▶ TASK OBJECTIVE: Return the run of lines below that opens with the line containing "31.6422210783), (61.1654019356, 31.6422210783))" and closes with the line containing "31.6861550611), (60.7212476134, 31.7922210783))", keeping each one exact.

▶ GIVEN RECORDS:
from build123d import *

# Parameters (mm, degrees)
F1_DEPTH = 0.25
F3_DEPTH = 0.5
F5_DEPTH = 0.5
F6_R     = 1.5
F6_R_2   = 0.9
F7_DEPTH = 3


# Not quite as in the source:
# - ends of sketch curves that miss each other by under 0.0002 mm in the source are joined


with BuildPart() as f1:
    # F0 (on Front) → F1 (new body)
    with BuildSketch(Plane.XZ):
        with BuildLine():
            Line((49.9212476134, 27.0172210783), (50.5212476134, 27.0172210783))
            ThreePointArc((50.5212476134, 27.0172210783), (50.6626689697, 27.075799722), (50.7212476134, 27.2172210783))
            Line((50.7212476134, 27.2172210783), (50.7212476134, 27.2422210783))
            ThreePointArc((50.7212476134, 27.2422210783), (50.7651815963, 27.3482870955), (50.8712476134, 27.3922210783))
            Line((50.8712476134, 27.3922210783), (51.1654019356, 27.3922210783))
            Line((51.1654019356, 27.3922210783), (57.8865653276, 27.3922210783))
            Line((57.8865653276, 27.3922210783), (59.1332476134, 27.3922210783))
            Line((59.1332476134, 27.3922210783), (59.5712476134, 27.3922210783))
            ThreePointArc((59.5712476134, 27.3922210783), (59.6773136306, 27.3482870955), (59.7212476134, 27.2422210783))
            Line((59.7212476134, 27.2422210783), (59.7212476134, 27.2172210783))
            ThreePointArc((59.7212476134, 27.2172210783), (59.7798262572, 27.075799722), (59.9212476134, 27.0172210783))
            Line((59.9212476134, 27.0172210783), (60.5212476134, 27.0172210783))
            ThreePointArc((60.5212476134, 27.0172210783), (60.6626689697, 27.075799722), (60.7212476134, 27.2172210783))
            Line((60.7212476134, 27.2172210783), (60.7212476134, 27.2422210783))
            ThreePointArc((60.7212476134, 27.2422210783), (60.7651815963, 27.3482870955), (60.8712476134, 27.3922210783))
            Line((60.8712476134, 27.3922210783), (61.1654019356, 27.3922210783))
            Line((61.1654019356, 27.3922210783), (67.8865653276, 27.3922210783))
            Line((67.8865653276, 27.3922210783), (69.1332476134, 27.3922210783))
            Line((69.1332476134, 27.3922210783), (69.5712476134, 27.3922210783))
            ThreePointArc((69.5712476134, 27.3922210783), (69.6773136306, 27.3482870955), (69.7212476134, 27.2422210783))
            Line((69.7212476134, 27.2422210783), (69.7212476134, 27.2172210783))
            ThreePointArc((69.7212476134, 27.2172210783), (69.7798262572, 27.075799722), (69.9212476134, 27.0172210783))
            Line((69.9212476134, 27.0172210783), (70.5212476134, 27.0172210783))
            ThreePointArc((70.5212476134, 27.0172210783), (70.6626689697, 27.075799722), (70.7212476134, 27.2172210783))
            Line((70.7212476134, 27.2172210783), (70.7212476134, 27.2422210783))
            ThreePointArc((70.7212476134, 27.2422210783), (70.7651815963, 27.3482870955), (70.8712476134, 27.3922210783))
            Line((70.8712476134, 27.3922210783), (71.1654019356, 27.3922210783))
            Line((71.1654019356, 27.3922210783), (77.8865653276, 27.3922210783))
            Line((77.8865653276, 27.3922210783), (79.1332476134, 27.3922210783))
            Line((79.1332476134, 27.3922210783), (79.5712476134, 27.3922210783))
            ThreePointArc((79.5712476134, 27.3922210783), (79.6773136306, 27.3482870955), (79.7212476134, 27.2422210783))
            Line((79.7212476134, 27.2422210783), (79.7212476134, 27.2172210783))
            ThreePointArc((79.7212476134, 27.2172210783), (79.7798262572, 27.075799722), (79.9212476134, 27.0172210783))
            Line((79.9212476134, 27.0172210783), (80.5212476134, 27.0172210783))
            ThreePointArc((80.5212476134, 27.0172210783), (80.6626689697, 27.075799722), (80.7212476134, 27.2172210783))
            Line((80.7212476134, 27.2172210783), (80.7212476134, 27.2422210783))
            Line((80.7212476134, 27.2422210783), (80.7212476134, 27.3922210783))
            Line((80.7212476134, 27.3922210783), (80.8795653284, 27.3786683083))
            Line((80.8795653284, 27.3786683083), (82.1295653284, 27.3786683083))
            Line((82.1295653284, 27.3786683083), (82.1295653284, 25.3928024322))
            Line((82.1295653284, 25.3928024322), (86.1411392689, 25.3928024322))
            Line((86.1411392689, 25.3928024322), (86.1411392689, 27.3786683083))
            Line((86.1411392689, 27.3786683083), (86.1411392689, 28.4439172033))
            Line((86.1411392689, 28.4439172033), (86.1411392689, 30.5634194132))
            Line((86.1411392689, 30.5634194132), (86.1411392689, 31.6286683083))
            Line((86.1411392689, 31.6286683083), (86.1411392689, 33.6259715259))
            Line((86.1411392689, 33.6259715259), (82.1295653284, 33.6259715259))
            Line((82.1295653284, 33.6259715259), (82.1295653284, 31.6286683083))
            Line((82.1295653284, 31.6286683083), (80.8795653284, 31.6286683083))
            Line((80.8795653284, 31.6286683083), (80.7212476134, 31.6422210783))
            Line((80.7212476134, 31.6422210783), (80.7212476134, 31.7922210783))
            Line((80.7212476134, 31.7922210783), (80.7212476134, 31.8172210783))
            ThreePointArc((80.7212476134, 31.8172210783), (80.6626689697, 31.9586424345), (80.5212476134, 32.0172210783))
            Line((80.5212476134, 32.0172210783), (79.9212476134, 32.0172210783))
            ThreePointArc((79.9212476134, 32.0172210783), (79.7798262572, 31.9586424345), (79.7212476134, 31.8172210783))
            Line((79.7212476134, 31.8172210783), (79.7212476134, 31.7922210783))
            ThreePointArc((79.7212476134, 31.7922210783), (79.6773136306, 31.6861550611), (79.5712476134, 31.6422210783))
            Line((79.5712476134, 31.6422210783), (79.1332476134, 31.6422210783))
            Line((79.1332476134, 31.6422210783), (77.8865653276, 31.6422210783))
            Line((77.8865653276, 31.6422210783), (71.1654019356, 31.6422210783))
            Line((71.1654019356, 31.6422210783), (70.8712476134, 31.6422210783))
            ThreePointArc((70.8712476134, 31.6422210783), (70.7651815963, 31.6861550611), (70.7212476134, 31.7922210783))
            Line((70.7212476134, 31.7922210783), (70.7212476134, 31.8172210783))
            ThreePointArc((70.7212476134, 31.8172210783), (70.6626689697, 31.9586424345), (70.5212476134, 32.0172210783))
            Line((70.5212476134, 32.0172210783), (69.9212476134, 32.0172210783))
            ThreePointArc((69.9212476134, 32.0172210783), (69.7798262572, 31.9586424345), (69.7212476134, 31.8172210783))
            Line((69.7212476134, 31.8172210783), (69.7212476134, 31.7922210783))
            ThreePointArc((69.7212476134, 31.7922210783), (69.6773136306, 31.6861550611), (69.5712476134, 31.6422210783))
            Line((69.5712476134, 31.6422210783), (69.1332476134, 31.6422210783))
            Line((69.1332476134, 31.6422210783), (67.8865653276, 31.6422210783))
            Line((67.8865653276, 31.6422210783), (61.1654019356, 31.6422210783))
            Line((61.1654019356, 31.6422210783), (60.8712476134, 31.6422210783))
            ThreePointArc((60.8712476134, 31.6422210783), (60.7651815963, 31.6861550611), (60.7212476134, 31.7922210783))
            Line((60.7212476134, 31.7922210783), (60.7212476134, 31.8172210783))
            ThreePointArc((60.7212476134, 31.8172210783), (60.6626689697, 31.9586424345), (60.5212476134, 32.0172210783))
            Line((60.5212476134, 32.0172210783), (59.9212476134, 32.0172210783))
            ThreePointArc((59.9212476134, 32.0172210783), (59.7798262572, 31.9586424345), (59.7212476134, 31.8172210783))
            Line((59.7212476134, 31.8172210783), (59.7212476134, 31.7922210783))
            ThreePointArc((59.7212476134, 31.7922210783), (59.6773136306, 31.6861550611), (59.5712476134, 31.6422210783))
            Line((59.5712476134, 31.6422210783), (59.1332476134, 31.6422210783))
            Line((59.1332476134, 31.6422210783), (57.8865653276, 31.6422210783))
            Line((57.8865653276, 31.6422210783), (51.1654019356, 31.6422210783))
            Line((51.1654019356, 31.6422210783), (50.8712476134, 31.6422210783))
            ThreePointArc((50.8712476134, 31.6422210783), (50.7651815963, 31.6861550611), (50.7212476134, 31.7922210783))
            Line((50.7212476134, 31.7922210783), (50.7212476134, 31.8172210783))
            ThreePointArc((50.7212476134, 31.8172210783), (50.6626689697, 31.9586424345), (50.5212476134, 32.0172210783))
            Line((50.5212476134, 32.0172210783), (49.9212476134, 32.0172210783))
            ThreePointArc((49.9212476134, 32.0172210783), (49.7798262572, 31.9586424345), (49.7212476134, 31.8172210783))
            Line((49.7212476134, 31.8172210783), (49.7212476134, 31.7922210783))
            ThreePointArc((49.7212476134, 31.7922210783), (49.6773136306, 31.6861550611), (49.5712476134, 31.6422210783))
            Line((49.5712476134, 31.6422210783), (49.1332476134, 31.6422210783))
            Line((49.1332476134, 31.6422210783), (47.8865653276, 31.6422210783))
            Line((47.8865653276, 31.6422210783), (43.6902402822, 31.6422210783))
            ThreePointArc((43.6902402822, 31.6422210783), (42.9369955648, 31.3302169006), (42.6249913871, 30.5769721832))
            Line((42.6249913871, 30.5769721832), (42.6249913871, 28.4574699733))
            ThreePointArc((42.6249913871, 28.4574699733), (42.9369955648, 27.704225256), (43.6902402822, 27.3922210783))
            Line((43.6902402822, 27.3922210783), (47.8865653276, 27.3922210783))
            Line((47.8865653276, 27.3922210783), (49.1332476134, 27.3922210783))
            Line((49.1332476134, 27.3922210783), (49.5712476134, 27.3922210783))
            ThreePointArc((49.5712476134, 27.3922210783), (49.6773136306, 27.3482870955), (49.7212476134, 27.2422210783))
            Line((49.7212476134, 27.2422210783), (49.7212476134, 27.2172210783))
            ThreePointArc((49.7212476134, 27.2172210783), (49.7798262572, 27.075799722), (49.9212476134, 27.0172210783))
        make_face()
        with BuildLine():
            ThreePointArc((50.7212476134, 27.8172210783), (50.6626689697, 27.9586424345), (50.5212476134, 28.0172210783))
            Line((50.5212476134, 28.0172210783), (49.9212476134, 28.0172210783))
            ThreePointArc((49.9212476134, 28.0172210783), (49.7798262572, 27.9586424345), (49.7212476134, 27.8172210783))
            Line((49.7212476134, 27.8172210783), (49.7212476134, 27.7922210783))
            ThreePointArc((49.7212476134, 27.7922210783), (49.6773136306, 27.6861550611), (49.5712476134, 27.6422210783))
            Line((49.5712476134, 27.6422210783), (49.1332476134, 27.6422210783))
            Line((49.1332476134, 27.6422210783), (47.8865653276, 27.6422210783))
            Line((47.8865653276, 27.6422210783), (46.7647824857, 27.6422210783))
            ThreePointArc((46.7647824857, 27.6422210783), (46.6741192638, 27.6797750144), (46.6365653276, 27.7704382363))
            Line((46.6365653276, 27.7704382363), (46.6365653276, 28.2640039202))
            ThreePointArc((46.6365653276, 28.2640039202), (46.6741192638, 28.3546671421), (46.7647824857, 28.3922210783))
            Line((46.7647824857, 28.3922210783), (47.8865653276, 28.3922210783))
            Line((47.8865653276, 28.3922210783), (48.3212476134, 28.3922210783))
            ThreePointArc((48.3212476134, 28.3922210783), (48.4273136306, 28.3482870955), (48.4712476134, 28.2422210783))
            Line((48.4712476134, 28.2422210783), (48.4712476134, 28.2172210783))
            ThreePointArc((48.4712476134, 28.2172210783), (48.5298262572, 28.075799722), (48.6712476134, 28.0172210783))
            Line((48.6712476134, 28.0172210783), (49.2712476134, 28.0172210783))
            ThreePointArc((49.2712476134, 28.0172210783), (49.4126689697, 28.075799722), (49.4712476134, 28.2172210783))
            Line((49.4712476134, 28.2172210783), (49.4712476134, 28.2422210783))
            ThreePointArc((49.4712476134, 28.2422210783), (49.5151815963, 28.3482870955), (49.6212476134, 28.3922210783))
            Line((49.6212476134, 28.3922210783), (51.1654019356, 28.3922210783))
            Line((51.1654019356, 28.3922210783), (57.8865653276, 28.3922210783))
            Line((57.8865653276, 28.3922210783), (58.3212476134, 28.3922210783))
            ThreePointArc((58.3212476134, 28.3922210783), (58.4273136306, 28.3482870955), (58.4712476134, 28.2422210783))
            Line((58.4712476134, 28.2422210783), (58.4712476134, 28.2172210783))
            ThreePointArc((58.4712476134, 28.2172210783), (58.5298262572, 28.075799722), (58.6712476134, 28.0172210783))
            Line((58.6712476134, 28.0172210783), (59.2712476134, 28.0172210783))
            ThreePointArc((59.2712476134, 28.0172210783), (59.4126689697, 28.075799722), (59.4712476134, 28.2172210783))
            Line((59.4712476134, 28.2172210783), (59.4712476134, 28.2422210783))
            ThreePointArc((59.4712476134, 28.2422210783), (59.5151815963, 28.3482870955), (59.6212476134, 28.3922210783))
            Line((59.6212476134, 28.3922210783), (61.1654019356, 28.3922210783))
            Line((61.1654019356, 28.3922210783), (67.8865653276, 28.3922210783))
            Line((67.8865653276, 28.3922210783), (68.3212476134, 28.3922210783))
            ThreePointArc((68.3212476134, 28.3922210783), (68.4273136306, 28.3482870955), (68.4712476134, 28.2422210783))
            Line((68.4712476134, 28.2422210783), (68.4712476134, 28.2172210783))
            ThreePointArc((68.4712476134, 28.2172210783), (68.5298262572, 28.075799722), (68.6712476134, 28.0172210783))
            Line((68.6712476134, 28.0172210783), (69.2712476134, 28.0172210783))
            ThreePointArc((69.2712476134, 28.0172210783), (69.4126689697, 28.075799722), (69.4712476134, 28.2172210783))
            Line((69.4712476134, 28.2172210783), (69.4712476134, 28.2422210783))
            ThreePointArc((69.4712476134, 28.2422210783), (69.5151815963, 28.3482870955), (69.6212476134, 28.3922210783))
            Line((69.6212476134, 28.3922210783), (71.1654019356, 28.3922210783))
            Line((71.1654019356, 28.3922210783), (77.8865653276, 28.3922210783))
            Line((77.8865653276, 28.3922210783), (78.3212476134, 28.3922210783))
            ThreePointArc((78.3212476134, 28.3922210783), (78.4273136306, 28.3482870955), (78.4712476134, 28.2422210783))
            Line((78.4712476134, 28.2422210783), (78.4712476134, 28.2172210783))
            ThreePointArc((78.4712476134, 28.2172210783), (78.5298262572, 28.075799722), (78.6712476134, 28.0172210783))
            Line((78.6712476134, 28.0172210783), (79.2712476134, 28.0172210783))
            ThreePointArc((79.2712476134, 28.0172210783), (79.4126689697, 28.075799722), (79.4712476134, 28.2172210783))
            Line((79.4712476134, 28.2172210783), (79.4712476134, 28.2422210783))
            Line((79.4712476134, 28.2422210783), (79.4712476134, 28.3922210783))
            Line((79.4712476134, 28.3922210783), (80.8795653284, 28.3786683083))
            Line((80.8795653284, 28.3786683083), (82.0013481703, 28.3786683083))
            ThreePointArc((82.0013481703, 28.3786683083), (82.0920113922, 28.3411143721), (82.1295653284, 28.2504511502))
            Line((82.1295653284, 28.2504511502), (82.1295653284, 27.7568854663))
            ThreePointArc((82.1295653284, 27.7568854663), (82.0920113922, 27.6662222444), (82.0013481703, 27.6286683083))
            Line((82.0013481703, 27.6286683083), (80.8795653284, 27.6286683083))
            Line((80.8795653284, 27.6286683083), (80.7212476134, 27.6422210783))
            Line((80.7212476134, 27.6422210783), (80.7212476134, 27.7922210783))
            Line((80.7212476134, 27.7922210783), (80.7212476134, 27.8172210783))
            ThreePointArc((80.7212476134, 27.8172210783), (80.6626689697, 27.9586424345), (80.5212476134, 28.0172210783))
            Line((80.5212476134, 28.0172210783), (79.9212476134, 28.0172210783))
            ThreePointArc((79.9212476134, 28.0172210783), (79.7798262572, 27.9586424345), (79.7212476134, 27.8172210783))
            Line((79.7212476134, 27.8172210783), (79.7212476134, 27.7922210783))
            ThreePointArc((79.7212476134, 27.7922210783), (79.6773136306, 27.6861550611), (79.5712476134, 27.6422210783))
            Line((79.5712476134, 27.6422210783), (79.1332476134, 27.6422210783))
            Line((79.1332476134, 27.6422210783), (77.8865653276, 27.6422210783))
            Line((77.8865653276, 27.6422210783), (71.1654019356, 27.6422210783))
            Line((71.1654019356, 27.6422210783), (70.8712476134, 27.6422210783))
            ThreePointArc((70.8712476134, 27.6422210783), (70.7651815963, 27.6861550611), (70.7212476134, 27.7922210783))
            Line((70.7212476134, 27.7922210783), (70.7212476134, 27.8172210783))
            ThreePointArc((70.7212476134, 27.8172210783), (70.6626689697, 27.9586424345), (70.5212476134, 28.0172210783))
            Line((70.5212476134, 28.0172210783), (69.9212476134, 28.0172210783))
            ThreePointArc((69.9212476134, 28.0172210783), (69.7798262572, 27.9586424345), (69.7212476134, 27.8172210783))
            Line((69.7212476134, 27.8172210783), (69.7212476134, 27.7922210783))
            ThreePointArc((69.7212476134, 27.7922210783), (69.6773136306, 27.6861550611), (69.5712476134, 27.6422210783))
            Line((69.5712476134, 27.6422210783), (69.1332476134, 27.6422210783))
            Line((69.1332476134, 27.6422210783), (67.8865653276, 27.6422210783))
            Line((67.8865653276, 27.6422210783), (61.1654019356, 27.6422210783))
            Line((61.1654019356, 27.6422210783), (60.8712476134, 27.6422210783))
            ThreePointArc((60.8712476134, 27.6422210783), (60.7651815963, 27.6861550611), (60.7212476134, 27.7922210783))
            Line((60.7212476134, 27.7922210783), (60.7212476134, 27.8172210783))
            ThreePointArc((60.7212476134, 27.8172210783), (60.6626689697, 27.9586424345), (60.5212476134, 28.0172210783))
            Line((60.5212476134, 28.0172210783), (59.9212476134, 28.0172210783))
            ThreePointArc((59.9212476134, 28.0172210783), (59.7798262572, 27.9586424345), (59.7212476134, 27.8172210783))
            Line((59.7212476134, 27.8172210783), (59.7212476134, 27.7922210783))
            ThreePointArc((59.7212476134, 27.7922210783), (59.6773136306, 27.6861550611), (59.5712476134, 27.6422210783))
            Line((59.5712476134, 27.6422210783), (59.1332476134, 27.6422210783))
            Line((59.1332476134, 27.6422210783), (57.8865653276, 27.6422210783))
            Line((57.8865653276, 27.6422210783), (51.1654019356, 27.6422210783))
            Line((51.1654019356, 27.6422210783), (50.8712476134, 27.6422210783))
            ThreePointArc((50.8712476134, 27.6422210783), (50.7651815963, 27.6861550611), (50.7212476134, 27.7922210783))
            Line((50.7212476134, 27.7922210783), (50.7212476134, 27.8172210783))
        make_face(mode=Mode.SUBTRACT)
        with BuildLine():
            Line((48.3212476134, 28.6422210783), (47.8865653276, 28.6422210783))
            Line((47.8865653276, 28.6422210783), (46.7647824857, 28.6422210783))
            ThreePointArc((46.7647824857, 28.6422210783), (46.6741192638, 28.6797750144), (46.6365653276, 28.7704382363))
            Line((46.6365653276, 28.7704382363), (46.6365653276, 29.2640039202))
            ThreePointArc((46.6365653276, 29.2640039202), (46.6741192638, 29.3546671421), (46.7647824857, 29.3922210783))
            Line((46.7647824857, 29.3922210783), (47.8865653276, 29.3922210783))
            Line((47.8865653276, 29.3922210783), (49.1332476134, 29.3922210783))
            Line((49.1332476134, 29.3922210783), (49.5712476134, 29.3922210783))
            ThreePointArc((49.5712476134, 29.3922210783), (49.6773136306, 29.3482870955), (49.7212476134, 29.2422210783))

▶ YOUR RESPONSE:
            Line((67.8865653276, 31.6422210783), (61.1654019356, 31.6422210783))
            Line((61.1654019356, 31.6422210783), (60.8712476134, 31.6422210783))
            ThreePointArc((60.8712476134, 31.6422210783), (60.7651815963, 31.6861550611), (60.7212476134, 31.7922210783))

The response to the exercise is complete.